Le argomentazioni, ora sinteticamente riferite, non appaiono persuasive.
L’art. 14, comma 1, del decreto legislativo 23 maggio 2000, n. 164, stabilisce, nel dare attuazione alla direttiva n. 98/30/CE, che l’attività di distribuzione di gas naturale, che è servizio pubblico, va affidata soltanto per gara e per periodi non superiori a dodici anni.
La stessa disposizione, al comma 5, individua i tipi di società ammessi alle gare e ne esclude quelle che gestiscono servizi pubblici locali senza esservi pervenute mediante un procedimento ad evidenza pubblica.
Poiché una tale riforma del settore interveniva su un insieme di situazioni tra le più varie, l’art. 15 ha disciplinato il regime di transizione nell’attività di distribuzione. E precisamente:
nel comma 1, l’obbligo di adeguamento alla nuova disciplina è fissato al 1° gennaio 2003 e con due strumenti: o le gare, per affidare il servizio, oppure la trasformazione delle gestioni in “società di capitali o società cooperative a responsabilità limitata”;
nel comma 2, sono precisate le modalità secondo le quali devono avvenire le trasformazioni in società di capitali delle aziende che gestivano il servizio. Esse sono esplicitamente rese applicabili per le “aziende consortili”, come quella di cui si controverte;
i commi 5 e 7 hanno stabilito il termine del periodo transitorio per gli affidamenti e le concessioni, in essere alla data di entrata in vigore del decreto legislativo, e per le “società derivate dalla trasformazioni delle attuali gestioni”.
Queste scadenze differite hanno la loro “ratio”, secondo la parte ricorrente, in un’esigenza di tutela degli affidamenti dei soggetti gestori. Però la gestione in economia, come quella del Comune intimato, non dà luogo alla creazione di un altro soggetto e dunque non è consentito che essa, sia pure avanti la scadenza del primo termine, anziché dar luogo alla indizione di una gara o alla trasformazione in società di capitali, si trasformi mediante la censurata adesione ad un’azienda consortile speciale.
La tesi, si ripete, non offre elementi persuasivi.
a) La norma in esame sino alla data finale di scadenza del 1° gennaio 2003 permetteva qualsiasi soluzione gestoria sulla via delle trasformazioni poi ammesse. Quel che si può desumere dalla disposizione è che entro quella data fosse attuata una delle due soluzioni preventivate.

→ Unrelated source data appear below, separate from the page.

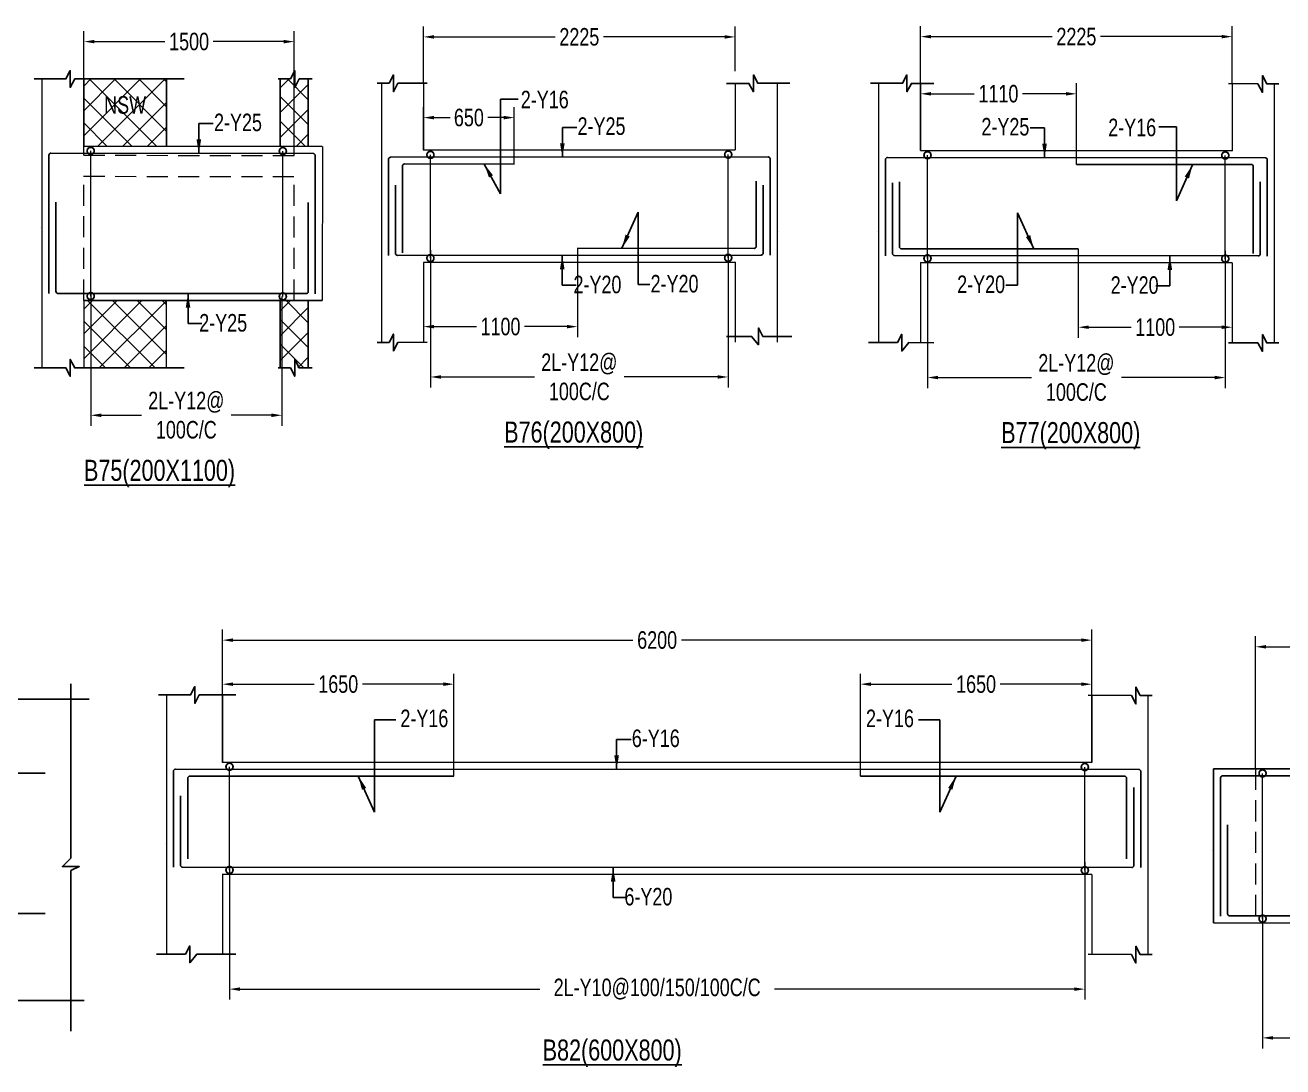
# Model space of a CAD drawing. Header units: millimetres. Extents: x -9667 to 132562, y -132456 to -91255.
# Drawn here: x 52650 to 61619, y -107970 to -100539 of the extents above; entities that cross this region are included whole.
import ezdxf

# ---------------------------------------------------------------- set-up
doc = ezdxf.new("R2010")
doc.units = ezdxf.units.MM
doc.header["$LTSCALE"] = 100
doc.header["$MEASUREMENT"] = 0
doc.linetypes.add('CONTINU', pattern=[0])
doc.linetypes.add('HIDDEN', pattern=[0.375, 0.25, -0.125])
doc.layers.get('Defpoints').update_dxf_attribs({"color": 1, "lineweight": 0})
for name, color, linetype in [('-S-BMNO', 1, 'Continuous'), ('-S-MISC', 8, 'Continuous'), ('-STR-BEAM', 7, 'CONTINU'), ('-STR-REINF', 3, 'Continuous')]:
    doc.layers.add(name, color=color, linetype=linetype)
for name, color, linetype, lineweight in [('-S-STIRRUPS DIM', 6, 'Continuous', 9), ('-S-STIRUP', 11, 'Continuous', 9), ('-S-TEXT', 6, 'Continuous', 0), ('-STR-COLUMN', 5, 'HIDDEN', 13), ('S-COL HATCH', 9, 'Continuous', 0), ('SLAB LINE', 254, 'HIDDEN', 20)]:
    doc.layers.add(name, color=color, linetype=linetype, lineweight=lineweight)
doc.styles.add('BEAM-LS', font='romans.shx', dxfattribs={"width": 0.8})
doc.styles.add('SOBHA', font='swisscl.ttf', dxfattribs={"width": 0.9})
doc.styles.add('sobha.sed', font='swisscl.ttf')
doc.dimstyles.new('S-50', dxfattribs={"dimscale": 50, "dimtxt": 2.5, "dimasz": 2, "dimexe": 0.5, "dimexo": 0.25, "dimgap": 0.25, "dimtad": 0, "dimdec": 0, "dimrnd": 0.0005, "dimzin": 0, "dimdsep": 46, "dimtxsty": 'sobha.sed', "dimblk": 'OBLIQUE', "dimcen": 0.09, "dimclrd": 8, "dimclre": 8, "dimclrt": 6, "dimadec": 0, "dimazin": 0, "dimtfac": 1, "dimtdec": 0, "dimtofl": 0, "dimtmove": 2, "dimatfit": 3, "dimfxl": 0.18, "dimtolj": 1, "dimtzin": 0, "dimlwd": -1, "dimlwe": -1, "dimarcsym": 0})
doc.dimstyles.new('S-DIM50', dxfattribs={"dimscale": 50, "dimtxt": 2.5, "dimasz": 1.5, "dimexe": 1.5, "dimexo": 1, "dimgap": 0.5, "dimtad": 0, "dimdec": 0, "dimzin": 0, "dimdsep": 46, "dimtxsty": 'SOBHA', "dimcen": 0.09, "dimclrd": 256, "dimclre": 256, "dimclrt": 6, "dimadec": 5, "dimazin": 0, "dimtfac": 1, "dimtdec": 0, "dimtofl": 0, "dimtmove": 0, "dimatfit": 3, "dimfxl": 0.18, "dimtolj": 1, "dimtzin": 0, "dimlwd": -1, "dimlwe": -1, "dimarcsym": 0})
doc.dimstyles.new('STIRUP', dxfattribs={"dimscale": 50, "dimtxt": 2.5, "dimasz": 2.2, "dimexe": 0, "dimexo": 0, "dimgap": 0.5, "dimtad": 0, "dimdec": 0, "dimzin": 0, "dimdsep": 46, "dimtxsty": 'BEAM-LS', "dimblk": 'DOTSMALL', "dimcen": 0.09, "dimclrd": 256, "dimclre": 256, "dimclrt": 256, "dimadec": 5, "dimazin": 0, "dimtfac": 1, "dimtdec": 0, "dimtofl": 0, "dimtmove": 0, "dimatfit": 3, "dimldrblk": 'DOTSMALL', "dimfxl": 0, "dimfxlon": 1, "dimtolj": 1, "dimtzin": 0, "dimlwd": -1, "dimlwe": -1, "dimarcsym": 0})
pattern_1 = [(45, (316863.11, 18748.93), (-88.38835, 88.38835), []), (135, (316863.11, 18748.93), (-88.38835, -88.38835), [])]

# ---------------------------------------------------------------- blocks, each defined once
blk = doc.blocks.new('_Oblique')
at = {"color": 0, "linetype": 'ByBlock', "lineweight": -2}
blk.add_line((-0.5, -0.5), (0.5, 0.5), dxfattribs=at)
blk = doc.blocks.new('*D183')
at = {"layer": '-S-STIRRUPS DIM', "color": 251, "transparency": 16777216}
for p, q in [((61208.7, -102148.3), (61208.7, -103127.9)), ((59085, -102191.5), (59085, -103127.9)), ((59160, -103052.9), (59826.2, -103052.9)), ((61133.7, -103052.9), (60467.5, -103052.9))]:
    blk.add_line(p, q, dxfattribs=at)
for points in [[(59160, -103040.4), (59160, -103065.4), (59085, -103052.9)], [(61133.7, -103040.4), (61133.7, -103065.4), (61208.7, -103052.9)]]:
    blk.add_solid(points, dxfattribs=at)
at = {"layer": 'Defpoints', "color": 0, "transparency": 16777216}
for p in [(61208.7, -102148.3, 178586.6), (59085, -102191.5, 0), (59085, -103052.9)]:
    blk.add_point(p, dxfattribs=at)
at = {"layer": '-S-STIRRUPS DIM', "color": 6, "transparency": 16777216, "insert": (60146.8, -103052.9), "char_height": 125, "attachment_point": 5, "style": 'sobha.sed'}
blk.add_mtext('\\A1;2L-Y12@\\P100C/C', dxfattribs=at)
blk = doc.blocks.new('_DotSmall')
at = {"color": 0, "linetype": 'ByBlock', "const_width": 0.5}
blk.add_lwpolyline([(-0.0625, 0, 1), (0.0625, 0, 1)], format="xyb", close=True, dxfattribs=at)
blk = doc.blocks.new('*D184')
at = {"layer": '-S-STIRUP', "ltscale": 100, "transparency": 16777216}
blk.add_line((61208.7, -102205.2), (61208.7, -101468.5), dxfattribs=at)
at = {"layer": 'Defpoints', "color": 0, "linetype": 'CONTINU', "ltscale": 100, "transparency": 16777216}
for p in [(61208.7, -101468.5), (61208.7, -101468.5), (61208.7, -102205.2)]:
    blk.add_point(p, dxfattribs=at)
at = {"layer": '-S-STIRUP', "linetype": 'CONTINU', "ltscale": 100, "transparency": 16777216, "xscale": 100, "yscale": 100, "zscale": 100}
for p, rotation in [((61208.7, -101468.5), 90), ((61208.7, -102205.2), 270)]:
    blk.add_blockref('_DotSmall', p, dxfattribs=dict(at, rotation=rotation))
blk = doc.blocks.new('*D185')
at = {"layer": '-S-STIRUP', "ltscale": 100, "transparency": 16777216}
blk.add_line((59085, -102203.2), (59085, -101466.5), dxfattribs=at)
at = {"layer": 'Defpoints', "color": 0, "linetype": 'CONTINU', "ltscale": 100, "transparency": 16777216}
for p in [(59085, -101466.5), (59085, -101466.5), (59085, -102203.2)]:
    blk.add_point(p, dxfattribs=at)
at = {"layer": '-S-STIRUP', "linetype": 'CONTINU', "ltscale": 100, "transparency": 16777216, "xscale": 100, "yscale": 100, "zscale": 100}
for p, rotation in [((59085, -101466.5), 90), ((59085, -102203.2), 270)]:
    blk.add_blockref('_DotSmall', p, dxfattribs=dict(at, rotation=rotation))
blk = doc.blocks.new('*D186')
at = {"layer": '-S-STIRRUPS DIM', "color": 251, "transparency": 16777216}
for p, q in [((59035, -100954.4), (59035, -100546.3)), ((61258.5, -100956.4), (61258.5, -100546.3)), ((59110, -100621.3), (59973.6, -100621.3)), ((61183.5, -100621.3), (60319.9, -100621.3))]:
    blk.add_line(p, q, dxfattribs=at)
for points in [[(59110, -100608.8), (59110, -100633.8), (59035, -100621.3)], [(61183.5, -100608.8), (61183.5, -100633.8), (61258.5, -100621.3)]]:
    blk.add_solid(points, dxfattribs=at)
at = {"layer": 'Defpoints', "color": 0, "transparency": 16777216}
for p in [(59035, -100621.3), (59035, -100954.4), (61258.5, -100956.4, 0)]:
    blk.add_point(p, dxfattribs=at)
at = {"layer": '-S-STIRRUPS DIM', "color": 6, "transparency": 16777216, "insert": (60146.8, -100621.3), "char_height": 125, "attachment_point": 5, "style": 'sobha.sed'}
blk.add_mtext('\\A1;2225', dxfattribs=at)
blk = doc.blocks.new('*D140')
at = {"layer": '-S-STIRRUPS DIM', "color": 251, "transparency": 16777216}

Era il termine che non tollerava differimenti, ed infatti, in caso d’inerzia, nello stesso comma 1 dell’art. 15 sono state previste attività sostitutive.
b) Si atteggia come valutazione soggettiva, non desumibile incontrovertibilmente dalla norma, la tesi che il termine sia stato posto solo a tutela dei soggetti depositari di affidamenti per via della gestione che avevano in corso. Si può, altrettanto o più fondatamente, affermare che il termine era stabilito per concedere a ciascun ente locale un adeguato periodo per valutare le implicazioni organizzative ed economiche che militavano a favore dell’una o dell’altra soluzione, sulla quale far cadere la scelta.
In tal senso depone il settimo “considerando” della direttiva n. 98/30/CE, attuata con il decreto legislativo in esame, nel quale si avverte che “il mercato interno del gas naturale deve essere instaurato gradualmente, allo scopo di permettere all’industria di adeguarsi in modo flessibile e ordinato il nuovo ambiente e per tener conto delle differenti strutture di mercato degli Stati membri”. E dunque il termine per avviare la trasformazione delle gestioni in società di capitali o per indire le gare obbediva ad un complesso di esigenze, fra le quali non possono ignorarsi quelle di adeguato apprezzamento, da parte dell’ente locale, della soluzione da abbracciare.
c) Il cammino divisato dal Comune resistente, attraverso il breve passaggio dell’adesione all’Azienda consortile, sfociava nella trasformazione della sua gestione, e di quella degli altri novantadue enti locali, in una società per azioni. Perseguiva, perciò, uno scopo consentito dalla legge.
La trasformazione in società di capitali, come da atti depositati, è intervenuta dieci giorni dopo l’adesione. Sia pure con considerazione “ex post”, appare arduo affermare che, per effetto di un tale passaggio intermedio, il Comune sia incorso in un’illegittima scelta. Oltre tutto, la trasformazione si è avuta (27 dicembre 2001) un anno prima della scadenza del termine ultimo fissato dalla legge.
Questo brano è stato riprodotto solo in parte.